Look through the records below and state how many lines carry the string "point", adding nothing.

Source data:
Start of Block

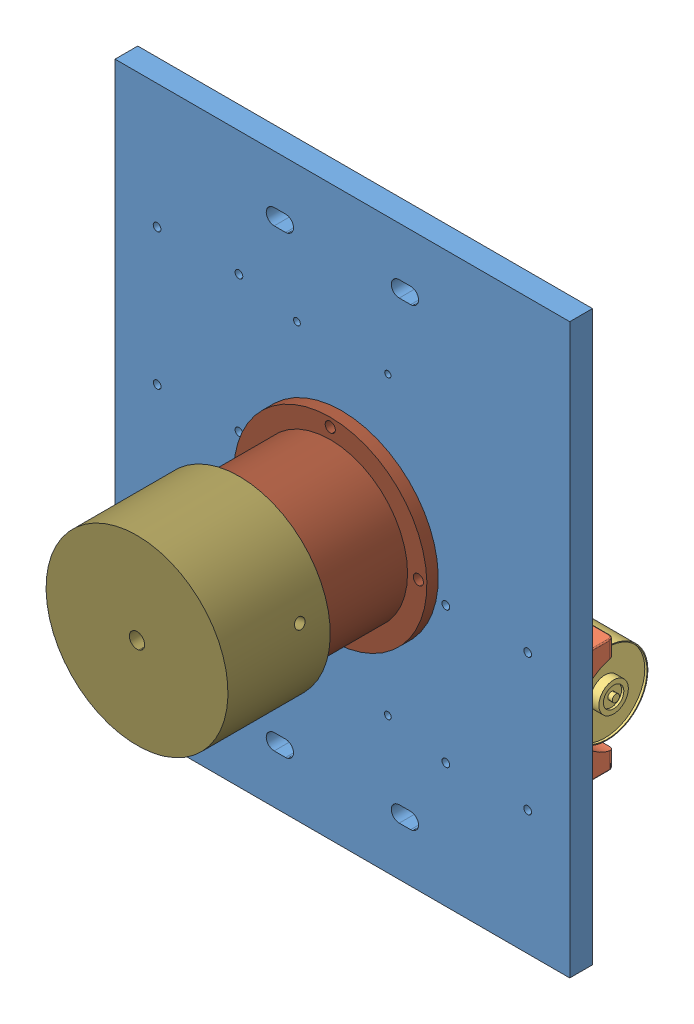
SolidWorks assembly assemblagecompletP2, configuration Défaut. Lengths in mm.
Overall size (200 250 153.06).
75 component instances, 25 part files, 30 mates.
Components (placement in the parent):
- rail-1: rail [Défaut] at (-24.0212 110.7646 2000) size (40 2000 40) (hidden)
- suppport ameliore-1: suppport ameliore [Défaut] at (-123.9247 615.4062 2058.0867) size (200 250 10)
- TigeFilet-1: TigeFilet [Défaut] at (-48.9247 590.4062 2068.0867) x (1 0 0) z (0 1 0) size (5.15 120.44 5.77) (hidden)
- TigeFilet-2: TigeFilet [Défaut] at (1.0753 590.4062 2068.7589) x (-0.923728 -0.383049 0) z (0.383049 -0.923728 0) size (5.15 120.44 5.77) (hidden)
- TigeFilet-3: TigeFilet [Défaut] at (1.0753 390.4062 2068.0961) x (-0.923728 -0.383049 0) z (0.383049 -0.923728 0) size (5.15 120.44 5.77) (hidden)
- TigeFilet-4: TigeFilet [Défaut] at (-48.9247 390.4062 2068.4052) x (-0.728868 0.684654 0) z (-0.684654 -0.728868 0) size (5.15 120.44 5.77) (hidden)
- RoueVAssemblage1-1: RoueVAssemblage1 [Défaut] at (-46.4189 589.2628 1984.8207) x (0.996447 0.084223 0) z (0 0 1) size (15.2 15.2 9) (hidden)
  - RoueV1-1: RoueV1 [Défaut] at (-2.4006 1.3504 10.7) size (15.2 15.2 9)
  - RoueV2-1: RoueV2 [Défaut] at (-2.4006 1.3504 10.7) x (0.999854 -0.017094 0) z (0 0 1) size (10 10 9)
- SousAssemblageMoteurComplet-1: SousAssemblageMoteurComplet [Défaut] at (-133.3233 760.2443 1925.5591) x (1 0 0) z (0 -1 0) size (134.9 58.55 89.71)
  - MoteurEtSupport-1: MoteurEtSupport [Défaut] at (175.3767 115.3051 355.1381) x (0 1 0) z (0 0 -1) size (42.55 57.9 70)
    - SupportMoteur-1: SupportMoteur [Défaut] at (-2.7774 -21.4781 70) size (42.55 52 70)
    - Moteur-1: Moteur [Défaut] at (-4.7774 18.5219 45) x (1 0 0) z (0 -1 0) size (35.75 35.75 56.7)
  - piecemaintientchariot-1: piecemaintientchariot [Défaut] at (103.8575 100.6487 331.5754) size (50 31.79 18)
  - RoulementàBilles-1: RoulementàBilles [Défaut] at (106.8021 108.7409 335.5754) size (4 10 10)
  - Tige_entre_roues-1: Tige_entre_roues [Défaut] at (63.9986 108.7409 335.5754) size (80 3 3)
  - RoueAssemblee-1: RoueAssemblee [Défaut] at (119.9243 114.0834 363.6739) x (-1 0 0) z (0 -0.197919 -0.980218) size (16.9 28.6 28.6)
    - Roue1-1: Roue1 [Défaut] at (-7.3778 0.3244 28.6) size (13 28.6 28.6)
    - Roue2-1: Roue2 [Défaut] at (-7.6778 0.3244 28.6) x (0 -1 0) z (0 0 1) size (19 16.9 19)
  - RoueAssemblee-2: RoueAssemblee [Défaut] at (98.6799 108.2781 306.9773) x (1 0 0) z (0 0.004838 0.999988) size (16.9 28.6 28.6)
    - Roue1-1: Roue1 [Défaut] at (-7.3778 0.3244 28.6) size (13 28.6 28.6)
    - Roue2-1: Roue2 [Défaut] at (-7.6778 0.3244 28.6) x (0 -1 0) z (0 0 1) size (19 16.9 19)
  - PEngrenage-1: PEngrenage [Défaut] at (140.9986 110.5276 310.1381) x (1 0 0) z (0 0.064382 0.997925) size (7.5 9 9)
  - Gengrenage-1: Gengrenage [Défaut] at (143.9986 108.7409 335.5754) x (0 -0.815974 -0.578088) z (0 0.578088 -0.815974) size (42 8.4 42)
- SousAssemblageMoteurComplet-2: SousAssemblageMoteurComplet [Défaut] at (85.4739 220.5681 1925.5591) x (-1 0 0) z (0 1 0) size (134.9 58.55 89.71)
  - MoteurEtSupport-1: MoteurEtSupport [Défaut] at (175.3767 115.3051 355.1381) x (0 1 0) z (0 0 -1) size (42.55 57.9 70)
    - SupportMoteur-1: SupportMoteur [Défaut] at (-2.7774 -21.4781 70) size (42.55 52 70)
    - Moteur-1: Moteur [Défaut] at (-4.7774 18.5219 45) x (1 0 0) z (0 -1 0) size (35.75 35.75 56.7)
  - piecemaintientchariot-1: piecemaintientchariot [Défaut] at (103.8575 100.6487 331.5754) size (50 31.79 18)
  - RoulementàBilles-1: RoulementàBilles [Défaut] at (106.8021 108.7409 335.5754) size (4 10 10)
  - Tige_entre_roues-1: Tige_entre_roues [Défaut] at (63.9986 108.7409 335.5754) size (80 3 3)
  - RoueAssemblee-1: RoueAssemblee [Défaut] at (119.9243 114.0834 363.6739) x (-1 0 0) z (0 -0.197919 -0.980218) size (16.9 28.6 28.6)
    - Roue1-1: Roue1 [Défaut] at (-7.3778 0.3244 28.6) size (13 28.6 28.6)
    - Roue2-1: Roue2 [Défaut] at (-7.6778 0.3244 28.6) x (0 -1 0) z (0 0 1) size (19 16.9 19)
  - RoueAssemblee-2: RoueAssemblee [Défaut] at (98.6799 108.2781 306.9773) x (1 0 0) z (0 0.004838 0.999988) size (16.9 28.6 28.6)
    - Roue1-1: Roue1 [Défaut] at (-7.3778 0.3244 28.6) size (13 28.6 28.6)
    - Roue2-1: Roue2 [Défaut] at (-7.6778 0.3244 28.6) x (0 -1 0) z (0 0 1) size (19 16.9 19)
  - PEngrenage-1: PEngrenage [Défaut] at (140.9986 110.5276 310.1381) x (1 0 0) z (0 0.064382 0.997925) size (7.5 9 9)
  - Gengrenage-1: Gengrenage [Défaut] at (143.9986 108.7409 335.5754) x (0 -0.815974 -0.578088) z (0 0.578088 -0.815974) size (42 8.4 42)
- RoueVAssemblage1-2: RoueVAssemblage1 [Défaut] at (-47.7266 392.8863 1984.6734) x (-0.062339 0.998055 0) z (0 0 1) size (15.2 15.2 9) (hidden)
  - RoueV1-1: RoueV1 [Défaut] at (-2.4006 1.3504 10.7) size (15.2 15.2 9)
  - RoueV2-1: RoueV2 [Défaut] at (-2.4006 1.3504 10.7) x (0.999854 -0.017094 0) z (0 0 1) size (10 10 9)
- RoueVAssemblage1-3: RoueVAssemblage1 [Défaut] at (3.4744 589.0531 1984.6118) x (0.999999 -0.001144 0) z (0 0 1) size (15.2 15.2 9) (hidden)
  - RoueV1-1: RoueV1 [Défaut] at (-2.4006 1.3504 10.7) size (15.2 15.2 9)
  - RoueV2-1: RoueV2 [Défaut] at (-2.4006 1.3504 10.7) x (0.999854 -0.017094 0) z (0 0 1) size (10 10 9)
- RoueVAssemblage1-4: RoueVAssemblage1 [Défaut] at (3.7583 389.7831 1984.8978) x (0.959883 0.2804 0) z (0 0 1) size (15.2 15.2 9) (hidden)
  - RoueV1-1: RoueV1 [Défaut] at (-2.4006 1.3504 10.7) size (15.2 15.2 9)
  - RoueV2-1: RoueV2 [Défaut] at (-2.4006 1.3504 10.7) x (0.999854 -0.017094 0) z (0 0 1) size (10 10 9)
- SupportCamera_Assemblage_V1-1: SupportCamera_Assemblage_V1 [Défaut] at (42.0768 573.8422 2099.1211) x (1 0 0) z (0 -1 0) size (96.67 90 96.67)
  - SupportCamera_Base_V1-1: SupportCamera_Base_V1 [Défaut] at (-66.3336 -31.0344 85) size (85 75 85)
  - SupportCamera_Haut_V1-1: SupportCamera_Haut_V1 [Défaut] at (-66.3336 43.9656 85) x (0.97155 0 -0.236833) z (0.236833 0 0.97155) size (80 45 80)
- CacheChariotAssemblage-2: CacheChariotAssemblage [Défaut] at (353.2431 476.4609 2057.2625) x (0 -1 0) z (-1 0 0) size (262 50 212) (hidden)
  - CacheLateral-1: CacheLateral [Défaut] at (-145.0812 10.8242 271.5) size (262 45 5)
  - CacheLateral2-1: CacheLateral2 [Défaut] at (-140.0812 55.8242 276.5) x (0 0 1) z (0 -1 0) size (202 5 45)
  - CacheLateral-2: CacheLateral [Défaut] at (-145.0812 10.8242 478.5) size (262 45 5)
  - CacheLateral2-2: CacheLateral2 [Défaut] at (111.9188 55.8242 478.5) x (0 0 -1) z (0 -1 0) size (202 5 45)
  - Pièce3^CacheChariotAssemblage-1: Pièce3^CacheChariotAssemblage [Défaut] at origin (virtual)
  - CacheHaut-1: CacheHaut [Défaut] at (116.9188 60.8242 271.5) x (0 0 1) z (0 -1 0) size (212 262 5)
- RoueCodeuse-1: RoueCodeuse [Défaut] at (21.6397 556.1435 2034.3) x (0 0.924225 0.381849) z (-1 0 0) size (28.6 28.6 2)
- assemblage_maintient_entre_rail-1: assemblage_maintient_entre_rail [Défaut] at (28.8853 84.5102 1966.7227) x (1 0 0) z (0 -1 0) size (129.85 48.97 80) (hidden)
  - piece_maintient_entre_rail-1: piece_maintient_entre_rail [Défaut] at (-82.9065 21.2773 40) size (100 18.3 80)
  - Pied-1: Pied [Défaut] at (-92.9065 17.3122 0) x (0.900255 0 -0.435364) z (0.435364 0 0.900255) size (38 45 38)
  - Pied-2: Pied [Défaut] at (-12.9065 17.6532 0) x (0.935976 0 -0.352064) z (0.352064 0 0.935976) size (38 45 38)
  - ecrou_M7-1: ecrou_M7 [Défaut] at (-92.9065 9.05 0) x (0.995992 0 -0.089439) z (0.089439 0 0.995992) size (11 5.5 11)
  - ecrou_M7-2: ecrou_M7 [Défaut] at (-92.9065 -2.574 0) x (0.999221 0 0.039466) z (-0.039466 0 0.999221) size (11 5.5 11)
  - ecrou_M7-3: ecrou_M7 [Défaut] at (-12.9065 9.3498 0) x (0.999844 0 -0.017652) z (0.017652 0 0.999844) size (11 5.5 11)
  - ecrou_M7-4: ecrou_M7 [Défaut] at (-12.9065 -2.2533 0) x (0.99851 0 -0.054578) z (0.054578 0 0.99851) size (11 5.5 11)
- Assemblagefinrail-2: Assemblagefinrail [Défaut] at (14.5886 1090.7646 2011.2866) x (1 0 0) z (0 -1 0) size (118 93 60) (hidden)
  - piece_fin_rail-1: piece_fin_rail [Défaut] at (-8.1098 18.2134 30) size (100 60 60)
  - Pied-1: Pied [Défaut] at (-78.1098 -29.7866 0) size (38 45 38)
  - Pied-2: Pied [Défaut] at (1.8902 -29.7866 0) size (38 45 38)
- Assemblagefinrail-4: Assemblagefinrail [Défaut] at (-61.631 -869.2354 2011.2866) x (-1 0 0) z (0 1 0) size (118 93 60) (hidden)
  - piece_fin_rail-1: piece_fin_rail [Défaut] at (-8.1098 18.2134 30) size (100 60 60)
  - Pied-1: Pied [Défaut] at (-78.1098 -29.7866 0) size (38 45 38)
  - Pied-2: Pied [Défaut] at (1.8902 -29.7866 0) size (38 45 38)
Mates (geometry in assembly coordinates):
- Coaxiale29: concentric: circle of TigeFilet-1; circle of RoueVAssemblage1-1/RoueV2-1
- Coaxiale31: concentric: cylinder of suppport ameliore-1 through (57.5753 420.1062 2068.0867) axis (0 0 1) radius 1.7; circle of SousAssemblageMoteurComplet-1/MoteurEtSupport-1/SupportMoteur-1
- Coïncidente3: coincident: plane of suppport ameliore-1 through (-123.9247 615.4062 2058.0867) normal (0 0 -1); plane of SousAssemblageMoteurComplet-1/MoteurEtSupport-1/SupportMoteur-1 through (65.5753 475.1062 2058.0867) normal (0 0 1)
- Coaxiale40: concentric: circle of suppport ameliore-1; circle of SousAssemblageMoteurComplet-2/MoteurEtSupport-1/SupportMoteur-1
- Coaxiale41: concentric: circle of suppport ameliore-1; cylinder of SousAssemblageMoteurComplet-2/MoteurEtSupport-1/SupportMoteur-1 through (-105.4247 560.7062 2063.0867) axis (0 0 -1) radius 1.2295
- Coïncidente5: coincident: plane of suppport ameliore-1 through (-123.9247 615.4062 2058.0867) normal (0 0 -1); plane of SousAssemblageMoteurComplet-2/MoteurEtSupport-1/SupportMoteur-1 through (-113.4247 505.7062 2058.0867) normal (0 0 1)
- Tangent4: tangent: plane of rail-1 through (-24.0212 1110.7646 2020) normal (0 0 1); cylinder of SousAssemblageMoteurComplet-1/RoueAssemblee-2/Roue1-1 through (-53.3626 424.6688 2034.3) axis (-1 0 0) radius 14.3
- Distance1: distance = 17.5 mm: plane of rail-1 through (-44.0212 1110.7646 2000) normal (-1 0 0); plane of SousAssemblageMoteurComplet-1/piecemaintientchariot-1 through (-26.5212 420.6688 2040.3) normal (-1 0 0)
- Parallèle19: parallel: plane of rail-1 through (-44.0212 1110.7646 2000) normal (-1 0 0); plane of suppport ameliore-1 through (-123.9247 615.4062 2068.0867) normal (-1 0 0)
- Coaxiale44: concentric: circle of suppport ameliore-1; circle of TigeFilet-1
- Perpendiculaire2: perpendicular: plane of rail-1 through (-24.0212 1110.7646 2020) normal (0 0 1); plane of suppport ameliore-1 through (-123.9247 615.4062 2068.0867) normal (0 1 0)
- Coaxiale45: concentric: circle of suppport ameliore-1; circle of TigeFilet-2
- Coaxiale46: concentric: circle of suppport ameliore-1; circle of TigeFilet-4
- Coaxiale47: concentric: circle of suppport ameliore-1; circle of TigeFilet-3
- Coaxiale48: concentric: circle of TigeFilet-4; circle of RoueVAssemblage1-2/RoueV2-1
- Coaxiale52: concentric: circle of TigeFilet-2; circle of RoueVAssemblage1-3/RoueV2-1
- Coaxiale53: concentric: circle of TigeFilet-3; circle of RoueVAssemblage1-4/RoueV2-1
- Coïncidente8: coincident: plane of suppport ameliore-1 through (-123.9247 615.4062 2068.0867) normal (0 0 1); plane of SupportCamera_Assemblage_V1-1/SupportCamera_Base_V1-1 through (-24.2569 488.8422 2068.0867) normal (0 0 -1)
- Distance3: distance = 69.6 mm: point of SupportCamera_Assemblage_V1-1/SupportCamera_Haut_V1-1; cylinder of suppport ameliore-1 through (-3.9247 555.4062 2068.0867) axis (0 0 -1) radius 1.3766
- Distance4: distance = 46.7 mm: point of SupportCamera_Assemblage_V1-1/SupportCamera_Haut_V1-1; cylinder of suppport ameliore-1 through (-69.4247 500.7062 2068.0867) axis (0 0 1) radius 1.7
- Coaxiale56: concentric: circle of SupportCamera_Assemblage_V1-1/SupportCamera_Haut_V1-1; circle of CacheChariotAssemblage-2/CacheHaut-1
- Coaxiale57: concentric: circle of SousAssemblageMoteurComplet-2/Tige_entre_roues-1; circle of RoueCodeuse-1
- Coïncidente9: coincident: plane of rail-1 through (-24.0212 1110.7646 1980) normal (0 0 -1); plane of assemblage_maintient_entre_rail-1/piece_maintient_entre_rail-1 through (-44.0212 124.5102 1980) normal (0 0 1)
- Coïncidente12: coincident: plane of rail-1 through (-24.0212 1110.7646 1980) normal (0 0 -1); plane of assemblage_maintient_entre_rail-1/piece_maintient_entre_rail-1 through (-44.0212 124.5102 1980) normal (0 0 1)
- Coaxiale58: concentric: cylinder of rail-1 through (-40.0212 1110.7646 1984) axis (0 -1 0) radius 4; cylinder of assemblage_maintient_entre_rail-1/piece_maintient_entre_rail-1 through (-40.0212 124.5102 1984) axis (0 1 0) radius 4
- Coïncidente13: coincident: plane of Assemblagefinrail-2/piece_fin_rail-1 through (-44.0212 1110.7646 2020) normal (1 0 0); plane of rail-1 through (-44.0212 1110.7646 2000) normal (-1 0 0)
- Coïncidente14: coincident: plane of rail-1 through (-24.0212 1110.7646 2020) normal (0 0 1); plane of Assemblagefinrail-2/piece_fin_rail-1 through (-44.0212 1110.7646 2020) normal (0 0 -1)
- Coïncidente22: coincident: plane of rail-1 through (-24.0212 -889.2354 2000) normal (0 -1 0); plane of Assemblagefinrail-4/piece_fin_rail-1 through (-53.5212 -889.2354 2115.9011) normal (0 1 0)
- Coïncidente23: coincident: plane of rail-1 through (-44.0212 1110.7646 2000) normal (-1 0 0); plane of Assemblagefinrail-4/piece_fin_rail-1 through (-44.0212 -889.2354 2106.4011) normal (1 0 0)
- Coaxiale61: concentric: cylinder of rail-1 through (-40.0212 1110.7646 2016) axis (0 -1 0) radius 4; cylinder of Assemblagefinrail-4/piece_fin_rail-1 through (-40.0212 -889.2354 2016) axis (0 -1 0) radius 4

End of Block

YOUR SOLUTION: 2